First-time novelists have all sorts of reasons for picking up their pens – “I know I have a book in me” – but Jamie Lowther-Pinkerton offers up one I haven’t heard before. “I’d completely screwed myself because I couldn’t write about the SAS and I couldn’t write about the royal family, so I thought, why not make up a story?”

    After 20 years in the army, including the Gulf war, between the Irish Guards and as a squadron commander in the fabled SAS, or Special Air Service, plus another eight years until 2013 as chief of staff to the young Princes William and Harry, latterly also the current Princess of Wales, 66-year-old Lowther-Pinkerton was certainly tied up in knots by workplace bans on memoir publishing. With Beyond the Edge of Light, though, he deftly avoids stepping on any land mines or Windsor egos.

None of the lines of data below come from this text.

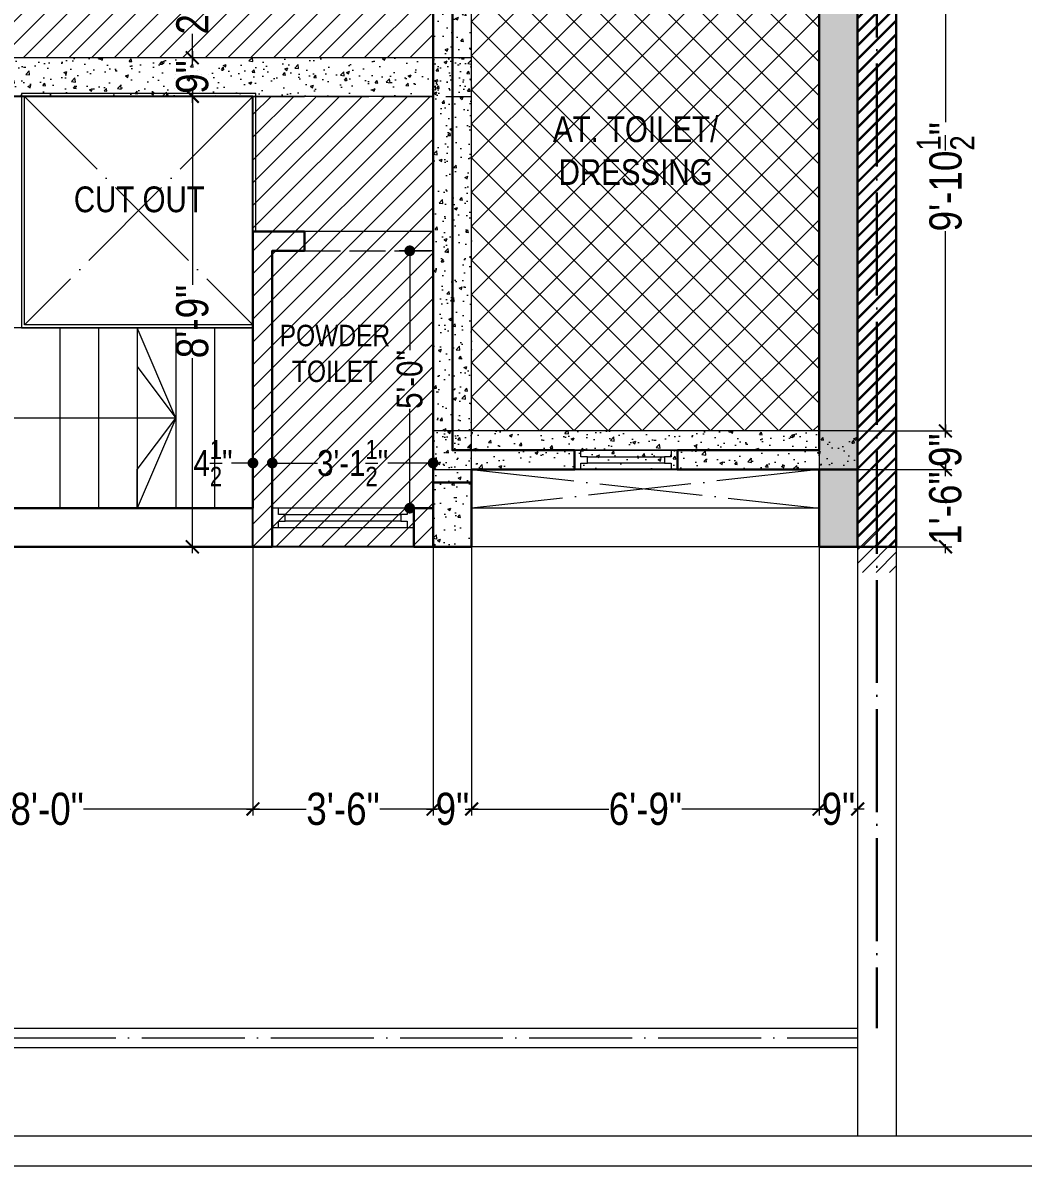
# Model space of a CAD drawing. Header units: millimetres. Extents: x 56222 to 163527, y -177397 to -121287.
# Drawn here: x 159547.7 to 159781, y -175332.2 to -175065.7 of the extents above; entities that cross this region are included whole.
import ezdxf

# ---------------------------------------------------------------- set-up
doc = ezdxf.new("R2010")
doc.units = ezdxf.units.MM
doc.header["$MEASUREMENT"] = 0
doc.header["$PDMODE"] = 35
doc.linetypes.add('ACAD_ISO02W100', pattern=[15, 12, -3])
doc.linetypes.add('ACAD_ISO04W100', pattern=[30, 24, -3, 0, -3])
doc.layers.get('Defpoints').update_dxf_attribs({"color": 220})
for name, color, linetype, lineweight in [('COLUMN', 1, 'Continuous', 30), ('FIRST FLOOR_( STAIR )', 251, 'Continuous', 9), ('GROUND FLOOR', 7, 'Continuous', 9), ('GROUND FLOOR  ( HATCH )', 251, 'Continuous', 9), ('GROUND FLOOR ( DW_RAIL )', 7, 'Continuous', 9), ('SECOND FLOOR', 7, 'Continuous', 9), ('SECOND FLOOR  ( PLINE )', 251, 'Continuous', 30), ('SECOND FLOOR ( DIM )', 7, 'Continuous', 9), ('SECOND FLOOR ( DW_RAIL )', 7, 'Continuous', 9), ('SECOND FLOOR ( PLine )', 7, 'Continuous', 30), ('SECOND FLOOR ( TEXT )', 7, 'Continuous', 9), ('X_PLOT', 1, 'Continuous', 9), ('X_SHEET', 7, 'Continuous', 9), ('XX~SLAB ( BEAM )~ ( DIM )', 7, 'Continuous', 9), ('XX~SLAB ( HATCH )', 7, 'Continuous', 9), ('XX~STR BEAM', 5, 'ACAD_ISO02W100', 9)]:
    doc.layers.add(name, color=color, linetype=linetype, lineweight=lineweight)
doc.layers.add('XX~SLAB ( BEAM )~ ( HATCH )', color=1, linetype='Continuous', lineweight=9, plot=False)
doc.layers.add('XX~SLAB ( HATCH )~ PLINE', color=251, linetype='Continuous', lineweight=9, plot=False)
doc.layers.add('XX~SLAB ( PLINE )', color=251, linetype='Continuous', plot=False)
doc.styles.add('Cn BT~6', font='swissc.ttf', dxfattribs={"height": 6})
doc.styles.add("Cn_BT_0'-0", font='swissc.ttf')
doc.styles.add('Cn_BT_7½', font='swissc.ttf', dxfattribs={"height": 7.5})
doc.styles.add('KATHA', font='swissc.ttf')
doc.dimstyles.new('Cn BT~6', dxfattribs={"dimtxt": 0.18, "dimasz": 2.5, "dimexe": 2.5, "dimexo": 0, "dimgap": 0.09, "dimtad": 0, "dimdec": 3, "dimzin": 3, "dimdsep": 46, "dimlunit": 4, "dimtxsty": 'Cn BT~6', "dimblk": 'DOT', "dimcen": 0.09, "dimdle": 2, "dimclrd": 250, "dimclre": 250, "dimclrt": 5, "dimadec": 0, "dimazin": 0, "dimtfac": 0.75, "dimtdec": 3, "dimtofl": 0, "dimtmove": 0, "dimatfit": 3, "dimfxl": 1, "dimtolj": 1, "dimtzin": 0, "dimlwd": 15, "dimlwe": 15, "dimarcsym": 0})
doc.dimstyles.new('Cn_BT_7½', dxfattribs={"dimtxt": 9, "dimasz": 3, "dimexe": 1.5, "dimexo": 0, "dimgap": 0.09, "dimtad": 0, "dimdec": 3, "dimzin": 3, "dimdsep": 46, "dimlunit": 4, "dimtxsty": 'Cn_BT_7½', "dimblk": 'ARCHTICK', "dimcen": 0.09, "dimdle": 1.5, "dimclrd": 251, "dimclre": 251, "dimclrt": 14, "dimadec": 0, "dimazin": 0, "dimtfac": 0.75, "dimtdec": 3, "dimtofl": 0, "dimtmove": 0, "dimatfit": 3, "dimfxl": 0, "dimtolj": 1, "dimtzin": 0, "dimlwd": 15, "dimlwe": 15, "dimarcsym": 0})

# ---------------------------------------------------------------- blocks, each defined once
blk = doc.blocks.new('_Dot')
at = {"color": 0, "linetype": 'ByBlock', "lineweight": -2}
blk.add_line((-0.5, 0), (-1, 0), dxfattribs=at)
at = {"color": 0, "linetype": 'ByBlock', "const_width": 0.5}
blk.add_lwpolyline([(-0.25, 0, 1), (0.25, 0, 1)], format="xyb", close=True, dxfattribs=at)
blk = doc.blocks.new('*D327')
at = {"layer": 'Defpoints', "color": 0, "transparency": 16777216}
for p in [(159605.88, -175160.81), (159643.38, -175160.81), (159643.38, -175168.28)]:
    blk.add_point(p, dxfattribs=at)
at = {"layer": 'SECOND FLOOR ( DIM )', "color": 250, "lineweight": 15, "transparency": 16777216}
for p, q in [((159605.88, -175160.81), (159605.88, -175170.78)), ((159643.38, -175160.81), (159643.38, -175170.78)), ((159608.38, -175168.28), (159616.43, -175168.28)), ((159640.88, -175168.28), (159632.82, -175168.28))]:
    blk.add_line(p, q, dxfattribs=at)
at = {"layer": 'SECOND FLOOR ( DIM )', "color": 250, "lineweight": 15, "transparency": 16777216, "xscale": 2.5, "yscale": 2.5, "zscale": 2.5, "rotation": 180}
blk.add_blockref('_Dot', (159605.88, -175168.28), dxfattribs=at)
at = {"layer": 'SECOND FLOOR ( DIM )', "color": 250, "lineweight": 15, "transparency": 16777216, "xscale": 2.5, "yscale": 2.5, "zscale": 2.5}
blk.add_blockref('_Dot', (159643.38, -175168.28), dxfattribs=at)
at = {"layer": 'SECOND FLOOR ( DIM )', "color": 5, "transparency": 16777216, "insert": (159624.63, -175168.28), "char_height": 6, "attachment_point": 5, "style": 'Cn BT~6'}
blk.add_mtext('\\A1;3\'-1{\\H0.750000x;\\S1/2;}"', dxfattribs=at)
blk = doc.blocks.new('*D326')
at = {"layer": 'Defpoints', "color": 0, "transparency": 16777216}
for p in [(159637.94, -175118.81), (159643.38, -175118.81), (159643.38, -175178.81)]:
    blk.add_point(p, dxfattribs=at)
at = {"layer": 'SECOND FLOOR ( DIM )', "color": 250, "lineweight": 15, "transparency": 16777216}
for p, q in [((159643.38, -175118.81), (159635.44, -175118.81)), ((159637.94, -175121.31), (159637.94, -175141.96)), ((159637.94, -175176.31), (159637.94, -175155.65)), ((159643.38, -175178.81), (159635.44, -175178.81))]:
    blk.add_line(p, q, dxfattribs=at)
at = {"layer": 'SECOND FLOOR ( DIM )', "color": 250, "lineweight": 15, "transparency": 16777216, "xscale": 2.5, "yscale": 2.5, "zscale": 2.5}
for p, rotation in [((159637.94, -175118.81), 90), ((159637.94, -175178.81), 270)]:
    blk.add_blockref('_Dot', p, dxfattribs=dict(at, rotation=rotation))
at = {"layer": 'SECOND FLOOR ( DIM )', "color": 5, "transparency": 16777216, "insert": (159637.94, -175148.81), "char_height": 6, "attachment_point": 5, "rotation": 90, "style": 'Cn BT~6'}
blk.add_mtext('\\A1;5\'-0"', dxfattribs=at)
blk = doc.blocks.new('_ArchTick')
at = {"color": 0, "linetype": 'ByBlock', "const_width": 0.15}
blk.add_lwpolyline([(-0.5, -0.5), (0.5, 0.5)], dxfattribs=at)
blk = doc.blocks.new('*D274')
at = {"layer": 'Defpoints', "color": 0, "transparency": 16777216}
for p in [(159742.38, -175042.31), (159742.38, -175160.81), (159762.86, -175160.81)]:
    blk.add_point(p, dxfattribs=at)
at = {"layer": 'XX~SLAB ( BEAM )~ ( DIM )', "color": 251, "lineweight": 15, "transparency": 16777216}
for p, q in [((159742.38, -175042.31), (159764.36, -175042.31)), ((159762.86, -175040.81), (159762.86, -175088.84)), ((159762.86, -175162.31), (159762.86, -175114.27)), ((159742.38, -175160.81), (159764.36, -175160.81))]:
    blk.add_line(p, q, dxfattribs=at)
at = {"layer": 'XX~SLAB ( BEAM )~ ( DIM )', "color": 251, "lineweight": 15, "transparency": 16777216, "xscale": 3, "yscale": 3, "zscale": 3}
for p, rotation in [((159762.86, -175042.31), 90), ((159762.86, -175160.81), 270)]:
    blk.add_blockref('_ArchTick', p, dxfattribs=dict(at, rotation=rotation))
at = {"layer": 'XX~SLAB ( BEAM )~ ( DIM )', "color": 14, "transparency": 16777216, "insert": (159762.86, -175101.56), "char_height": 7.5, "attachment_point": 5, "rotation": 90, "style": 'Cn_BT_7½'}
blk.add_mtext('\\A1;9\'-10{\\H0.750000x;\\S1/2;}"', dxfattribs=at)
blk = doc.blocks.new('*D273')
at = {"layer": 'Defpoints', "color": 0, "transparency": 16777216}
for p in [(159742.38, -175160.81), (159742.38, -175169.81), (159762.86, -175169.81)]:
    blk.add_point(p, dxfattribs=at)
at = {"layer": 'XX~SLAB ( BEAM )~ ( DIM )', "color": 251, "lineweight": 15, "transparency": 16777216}
for p, q in [((159762.86, -175159.31), (159762.86, -175161.65)), ((159742.38, -175160.81), (159764.36, -175160.81)), ((159742.38, -175169.81), (159764.36, -175169.81)), ((159762.86, -175171.31), (159762.86, -175168.96))]:
    blk.add_line(p, q, dxfattribs=at)
at = {"layer": 'XX~SLAB ( BEAM )~ ( DIM )', "color": 251, "lineweight": 15, "transparency": 16777216, "xscale": 3, "yscale": 3, "zscale": 3}
for p, rotation in [((159762.86, -175160.81), 90), ((159762.86, -175169.81), 270)]:
    blk.add_blockref('_ArchTick', p, dxfattribs=dict(at, rotation=rotation))
at = {"layer": 'XX~SLAB ( BEAM )~ ( DIM )', "color": 14, "transparency": 16777216, "insert": (159762.86, -175165.31), "char_height": 7.5, "attachment_point": 5, "rotation": 90, "style": 'Cn_BT_7½'}
blk.add_mtext('\\A1;9"', dxfattribs=at)
blk = doc.blocks.new('*D272')
at = {"layer": 'Defpoints', "color": 0, "transparency": 16777216}
for p in [(159742.38, -175169.81), (159751.38, -175187.81), (159762.86, -175187.81)]:
    blk.add_point(p, dxfattribs=at)
at = {"layer": 'XX~SLAB ( BEAM )~ ( DIM )', "color": 251, "lineweight": 15, "transparency": 16777216}
for p, q in [((159762.86, -175168.31), (159762.86, -175170.43)), ((159742.38, -175169.81), (159764.36, -175169.81)), ((159762.86, -175189.31), (159762.86, -175187.18)), ((159751.38, -175187.81), (159764.36, -175187.81))]:
    blk.add_line(p, q, dxfattribs=at)
at = {"layer": 'XX~SLAB ( BEAM )~ ( DIM )', "color": 251, "lineweight": 15, "transparency": 16777216, "xscale": 3, "yscale": 3, "zscale": 3}
for p, rotation in [((159762.86, -175169.81), 90), ((159762.86, -175187.81), 270)]:
    blk.add_blockref('_ArchTick', p, dxfattribs=dict(at, rotation=rotation))
at = {"layer": 'XX~SLAB ( BEAM )~ ( DIM )', "color": 14, "transparency": 16777216, "insert": (159762.86, -175178.81), "char_height": 7.5, "attachment_point": 5, "rotation": 90, "style": 'Cn_BT_7½'}
blk.add_mtext('\\A1;1\'-6"', dxfattribs=at)
blk = doc.blocks.new('*D268')
at = {"layer": 'Defpoints', "color": 0, "transparency": 16777216}
for p in [(159601.38, -175187.81), (159505.38, -175223.81), (159601.38, -175248.94)]:
    blk.add_point(p, dxfattribs=at)
at = {"layer": 'XX~SLAB ( BEAM )~ ( DIM )', "color": 251, "lineweight": 15, "transparency": 16777216}
for p, q in [((159601.38, -175187.81), (159601.38, -175250.44)), ((159505.38, -175223.81), (159505.38, -175250.44)), ((159503.88, -175248.94), (159544.85, -175248.94)), ((159602.88, -175248.94), (159561.9, -175248.94))]:
    blk.add_line(p, q, dxfattribs=at)
at = {"layer": 'XX~SLAB ( BEAM )~ ( DIM )', "color": 251, "lineweight": 15, "transparency": 16777216, "xscale": 3, "yscale": 3, "zscale": 3, "rotation": 180}
blk.add_blockref('_ArchTick', (159505.38, -175248.94), dxfattribs=at)
at = {"layer": 'XX~SLAB ( BEAM )~ ( DIM )', "color": 251, "lineweight": 15, "transparency": 16777216, "xscale": 3, "yscale": 3, "zscale": 3}
blk.add_blockref('_ArchTick', (159601.38, -175248.94), dxfattribs=at)
at = {"layer": 'XX~SLAB ( BEAM )~ ( DIM )', "color": 14, "transparency": 16777216, "insert": (159553.38, -175248.94), "char_height": 7.5, "attachment_point": 5, "style": 'Cn_BT_7½'}
blk.add_mtext('\\A1;8\'-0"', dxfattribs=at)
blk = doc.blocks.new('*D267')
at = {"layer": 'Defpoints', "color": 0, "transparency": 16777216}
for p in [(159601.38, -175187.81), (159643.38, -175187.81), (159643.38, -175248.94)]:
    blk.add_point(p, dxfattribs=at)
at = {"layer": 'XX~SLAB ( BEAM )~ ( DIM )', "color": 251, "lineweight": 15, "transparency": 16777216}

    And it is not, as might be expected, a roman à clef about a “fictional” royal family raising a traumatised and bereaved younger generation, but instead a touching thriller-cum-romance set in Second World War, with a love affair that crosses battle lines and draws inspiration from his own beloved mother, Sue, a “daughter of empire” who died two years ago at the age of 99.

    Jamie Lowther-Pinkerton was chief of staff for Princes Harry and William for eight yearsJamie Lowther-Pinkerton was chief of staff for Princes Harry and William for eight years (Getty)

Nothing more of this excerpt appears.